The second word associated with God is “new.” God hasn't stopped creating just because the physical world seems complete. He is still creating. In Isaiah 43, God says, “See, I am doing a new thing.” In Ezekiel 36:26, he says, “I will give you a new heart and put a new spirit in you...” Jesus talks about new wine; he makes a new covenant and gives us a new commandment. In Isaiah God announces he will make a new heaven and a new earth and in Revelation we see it. And in Revelation 21:5, he says, “Behold! I am making all things new!”
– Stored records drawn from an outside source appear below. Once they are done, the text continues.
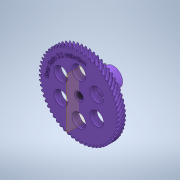
# Autodesk Inventor part: Spur Gear1
Saved by Autodesk Inventor 2020.2 (Build 242310000, 310)
## iProperties
CustomPartVersion: 1
Created: 2019-11-22
Part Number: Spur Gear1
Material: Steel
Document SubType Name: Modeling
Designer: steele
Categories: <?xml version="1.0" encoding="UTF-16"?> <MemberInstance><Categories><FamilyTemplate><FamilyTemplateParameter ValueType="xs:double" Id="1" ObjectReferenceKey="da_z" ObjectType="kUserParameterObject"/><FamilyTemplateParameter ValueType="xs:double" Id="2" ObjectReferenceKey="da_b" ObjectType="kUserParameterObject"/><FamilyTemplateParameter ValueType="xs:double" Id="3" ObjectReferenceKey="da_beta" ObjectType="kUserParameterObject"/><FamilyTemplateParameter ValueType="xs:double" Id="4" ObjectReferenceKey="da_da" ObjectType="kUserParameterObject"/><FamilyTemplateParameter ValueType="xs:double" Id="5" ObjectReferenceKey="da_aw" ObjectType="kUserParameterObject"/><FamilyTemplateParameter ValueType="xs:string" Id="6" ObjectReferenceKey="EAIAABAAAAC/AAAAAAAAAIAAAAAAAAAA" ObjectType="83910656" SubObjectId="SurfaceGeometry"/></FamilyTemplate><ParamToTemplateMap><ParamToTemplate CategoryParameter="//CategoryParameter[@InternalName='046C89C9-8512-4d59-83FE-43B91F4F132A']" TemplateParameter="1"/><ParamToTemplate CategoryParameter="//CategoryParameter[@InternalName='2552DF32-E462-4b46-AEBF-C6C7768E72AC']" TemplateParameter="2"/><ParamToTemplate CategoryParameter="//CategoryParameter[@InternalName='C9EE641D-15FC-4fae-A226-E94C4372FDD7']" TemplateParameter="3"/><ParamToTemplate><ParamToTemplate CategoryParameter="//CategoryParameter[@InternalName='00B6519A-459B-49c7-AD84-2E56D39A5744']" ConstantValue="0.000000"/></ParamToTemplate><ParamToTemplate><ParamToTemplate CategoryParameter="//CategoryParameter[@InternalName='04B31F0E-C7A6-4894-AA32-9629BEFACF47']" ConstantValue="1.000000"/></ParamToTemplate><ParamToTemplate><ParamToTemplate CategoryParameter="//CategoryParameter[@InternalName='43CBEC2E-7847-49e7-A936-2F7889FCB2D9']" ConstantValue="0.250000"/></ParamToTemplate><ParamToTemplate><ParamToTemplate CategoryParameter="//CategoryParameter[@InternalName='B1EFC894-105D-4ebd-86BF-FA20ED196853']" ConstantValue="0.350000"/></ParamToTemplate><ParamToTemplate><ParamToTemplate CategoryParameter="//CategoryParameter[@InternalName='51175063-3D10-4879-93E8-6246FE8B403D']" ConstantValue="2061532430.657340"/></ParamToTemplate><ParamToTemplate><ParamToTemplate CategoryParameter="//CategoryParameter[@InternalName='A3A52E27-4454-46a9-B0BD-C932399B70AF']" ConstantValue="0.300000"/></ParamToTemplate><ParamToTemplate><ParamToTemplate CategoryParameter="//CategoryParameter[@InternalName='91B76062-C214-41d9-B1B9-14D2AB99603D']" ConstantValue="0.127000"/></ParamToTemplate><ParamToTemplate><ParamToTemplate CategoryParameter="//CategoryParameter[@InternalName='374E806E-8B8A-4dda-A9AA-1039D6500AD2']" ConstantValue="7.874016"/></ParamToTemplate><ParamToTemplate><ParamToTemplate CategoryParameter="//CategoryParameter[@InternalName='2D373A89-B862-43d6-8D0B-0CBF12AB9F6C']" ConstantValue="0.349066"/></ParamToTemplate><ParamToTemplate CategoryParameter="//CategoryParameter[@InternalName='37777632-D6A2-4fac-9D53-DB8ACD95C989']" TemplateParameter="4"/><ParamToTemplate CategoryParameter="//CategoryParameter[@InternalName='FD1017F1-B727-4f7e-9707-0F86F1FF9423']" TemplateParameter="5"/><ParamToTemplate><ParamToTemplate CategoryParameter="//CategoryParameter[@InternalName='9E1B4470-B2D3-4ff1-B813-535BB4CDF51A']" ConstantValue="3523220.976809"/></ParamToTemplate><ParamToTemplate><ParamToTemplate CategoryParameter="//CategoryParameter[@InternalName='F8452263-BFF6-458c-9FB1-07C4B99E95CD']" ConstantValue="11397033.805607"/></ParamToTemplate><ParamToTemplate><ParamToTemplate CategoryParameter="//CategoryParameter[@InternalName='3E3BB259-FD49-497f-8171-6EBC954A3479']" ConstantValue="2.000000"/></ParamToTemplate><ParamToTemplate CategoryParameter="//CategoryParameter[@InternalName='27C3BAF2-7550-4e4b-AE2C-0DB134B7D9B7']" TemplateParameter="6"/></ParamToTemplateMap><Category DisplayName="Gear" InternalName="DC85795E-93AB-48d5-8EEE-5A27447B64BD" Mnemonic="Gear"><CategoryParameter DisplayName="z" InternalName="046C89C9-8512-4d59-83FE-43B91F4F132A" Mnemonic="z"/><CategoryParameter DisplayName="b" InternalName="2552DF32-E462-4b46-AEBF-C6C7768E72AC" Mnemonic="b"/><CategoryParameter DisplayName="||b|" InternalName="C9EE641D-15FC-4fae-A226-E94C4372FDD7" Mnemonic="beta"/><CategoryParameter DisplayName="x" InternalName="00B6519A-459B-49c7-AD84-2E56D39A5744" Mnemonic="x"/><CategoryParameter DisplayName="a*" InternalName="04B31F0E-C7A6-4894-AA32-9629BEFACF47" Mnemonic="a"/><CategoryParameter DisplayName="c*" InternalName="43CBEC2E-7847-49e7-A936-2F7889FCB2D9" Mnemonic="c"/><CategoryParameter DisplayName="r|.f|*" InternalName="B1EFC894-105D-4ebd-86BF-FA20ED196853" Mnemonic="rf"/><CategoryParameter DisplayName="E" InternalName="51175063-3D10-4879-93E8-6246FE8B403D" Mnemonic="E"/><CategoryParameter DisplayName="||m|" InternalName="A3A52E27-4454-46a9-B0BD-C932399B70AF" Mnemonic="mi"/><Category DisplayName="SpurGear" InternalName="26C5A22E-A91E-4dfd-A3B3-23CCAFAE1764" Mnemonic="SpurGear"><CategoryParameter DisplayName="m" InternalName="91B76062-C214-41d9-B1B9-14D2AB99603D" Mnemonic="m"/><CategoryParameter DisplayName="P" InternalName="374E806E-8B8A-4dda-A9AA-1039D6500AD2" Mnemonic="PP"/><CategoryParameter DisplayName="||a|" InternalName="2D373A89-B862-43d6-8D0B-0CBF12AB9F6C" Mnemonic="alpha"/><CategoryParameter DisplayName="d|.a|" InternalName="37777632-D6A2-4fac-9D53-DB8ACD95C989" Mnemonic="da"/><CategoryParameter DisplayName="a|.w|" InternalName="FD1017F1-B727-4f7e-9707-0F86F1FF9423" Mnemonic="aw"/><CategoryParameter DisplayName="||s||.Flim|" InternalName="9E1B4470-B2D3-4ff1-B813-535BB4CDF51A" Mnemonic="sFlim"/><CategoryParameter DisplayName="||s||.Hlim|" InternalName="F8452263-BFF6-458c-9FB1-07C4B99E95CD" Mnemonic="sHlim"/><CategoryParameter DisplayName="type" InternalName="3E3BB259-FD49-497f-8171-6EBC954A3479" Mnemonic="type"/><CategoryParameter DisplayName="PitchDiameter" InternalName="27C3BAF2-7550-4e4b-AE2C-0DB134B7D9B7" Mnemonic="IDS_PITCHDIAM"/></Category></Category></Categories></MemberInstance>
Density: 1 g/cm^3
Appearance: Violet
Author: steele
Autodesk Inventor part; units mm, degrees
(part 1 of 2)
ref_plane "XZ Plane" through (0, 0, 0) normal (0, 1, 0) x (-1, 0, 0)
ref_plane "XY Plane" through (0, 0, 0) normal (0, 0, 1) x (1, 0, 0)
sketch "Sketch1" plane through (0, 0, 0) normal (0, 0, 1) x (1, 0, 0)
  circle A0 centre (0, 0) radius 55.1515
  dimension "d0" = 110.3031
  constraints: 1 centre point
  measures "d0" diameter of A0
extrude "Extrusion1" add sketch "Sketch1" along normal blind 9.525
sketch "Sketch2" plane through (0, 0, 0) normal (0, 0, -1) x (-1, 0, 0)
  circle A0 centre (0, 0) radius 55.1515 projected
  circle A1 centre (0, 0) radius 53.8815
  dimension "d3" = 107.7631
  constraints: 1 centre point, 1 coincident
  measures "d3" diameter of A1
surface extrude "Pitch Diameter" sketch "Sketch2" against normal through all shown no curves A1
ref_plane "Work Plane1" through (0, 0, 0) normal (1, 0, 0) x (0, 1, 0)
ref_plane "Work Plane2" through (0, 0, 0) normal (0.9986295, 0.052336, 0) x (0, 0, 1)
ref_plane "Work Plane3" through (0, 0, 4.7625) normal (0, 0, -1) x (-1, 0, 0)
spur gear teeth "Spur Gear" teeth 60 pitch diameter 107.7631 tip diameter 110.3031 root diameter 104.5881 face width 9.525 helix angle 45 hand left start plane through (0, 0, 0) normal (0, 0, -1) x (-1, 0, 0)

We tend to think of God as old and picture him as having a long white beard. We think of him as old-fashioned with his best work in the past. But that's not true. He is still creative. He is making all things new. And that includes us. The old ways, the ways of tribalism and partisanship, of designating people as enemies and fighting them, are passing away. The time is near when the new creation will sweep them all away. And we are supposed to be his vanguard: people made new by his Spirit, sowing the seeds of new growth for a new world. In Romans 12:2, Paul writes, “Do not conform to the pattern of this world but be transformed by the renewing of your mind.” We need to think new thoughts, speak and act in new ways. If we continue in the old ways, the ways we always acted, nothing will change. But if we obey our creative God and act as his agents of change, we will find hope. And on that day when the new heavens and the new earth are revealed and we stand in the new Jerusalem we will know the truth of Zephaniah 3:17: “The Lord your God is among you, a mighty one who will save. He will rejoice over you in mirth. He will renew you with his love; he will celebrate you with singing.”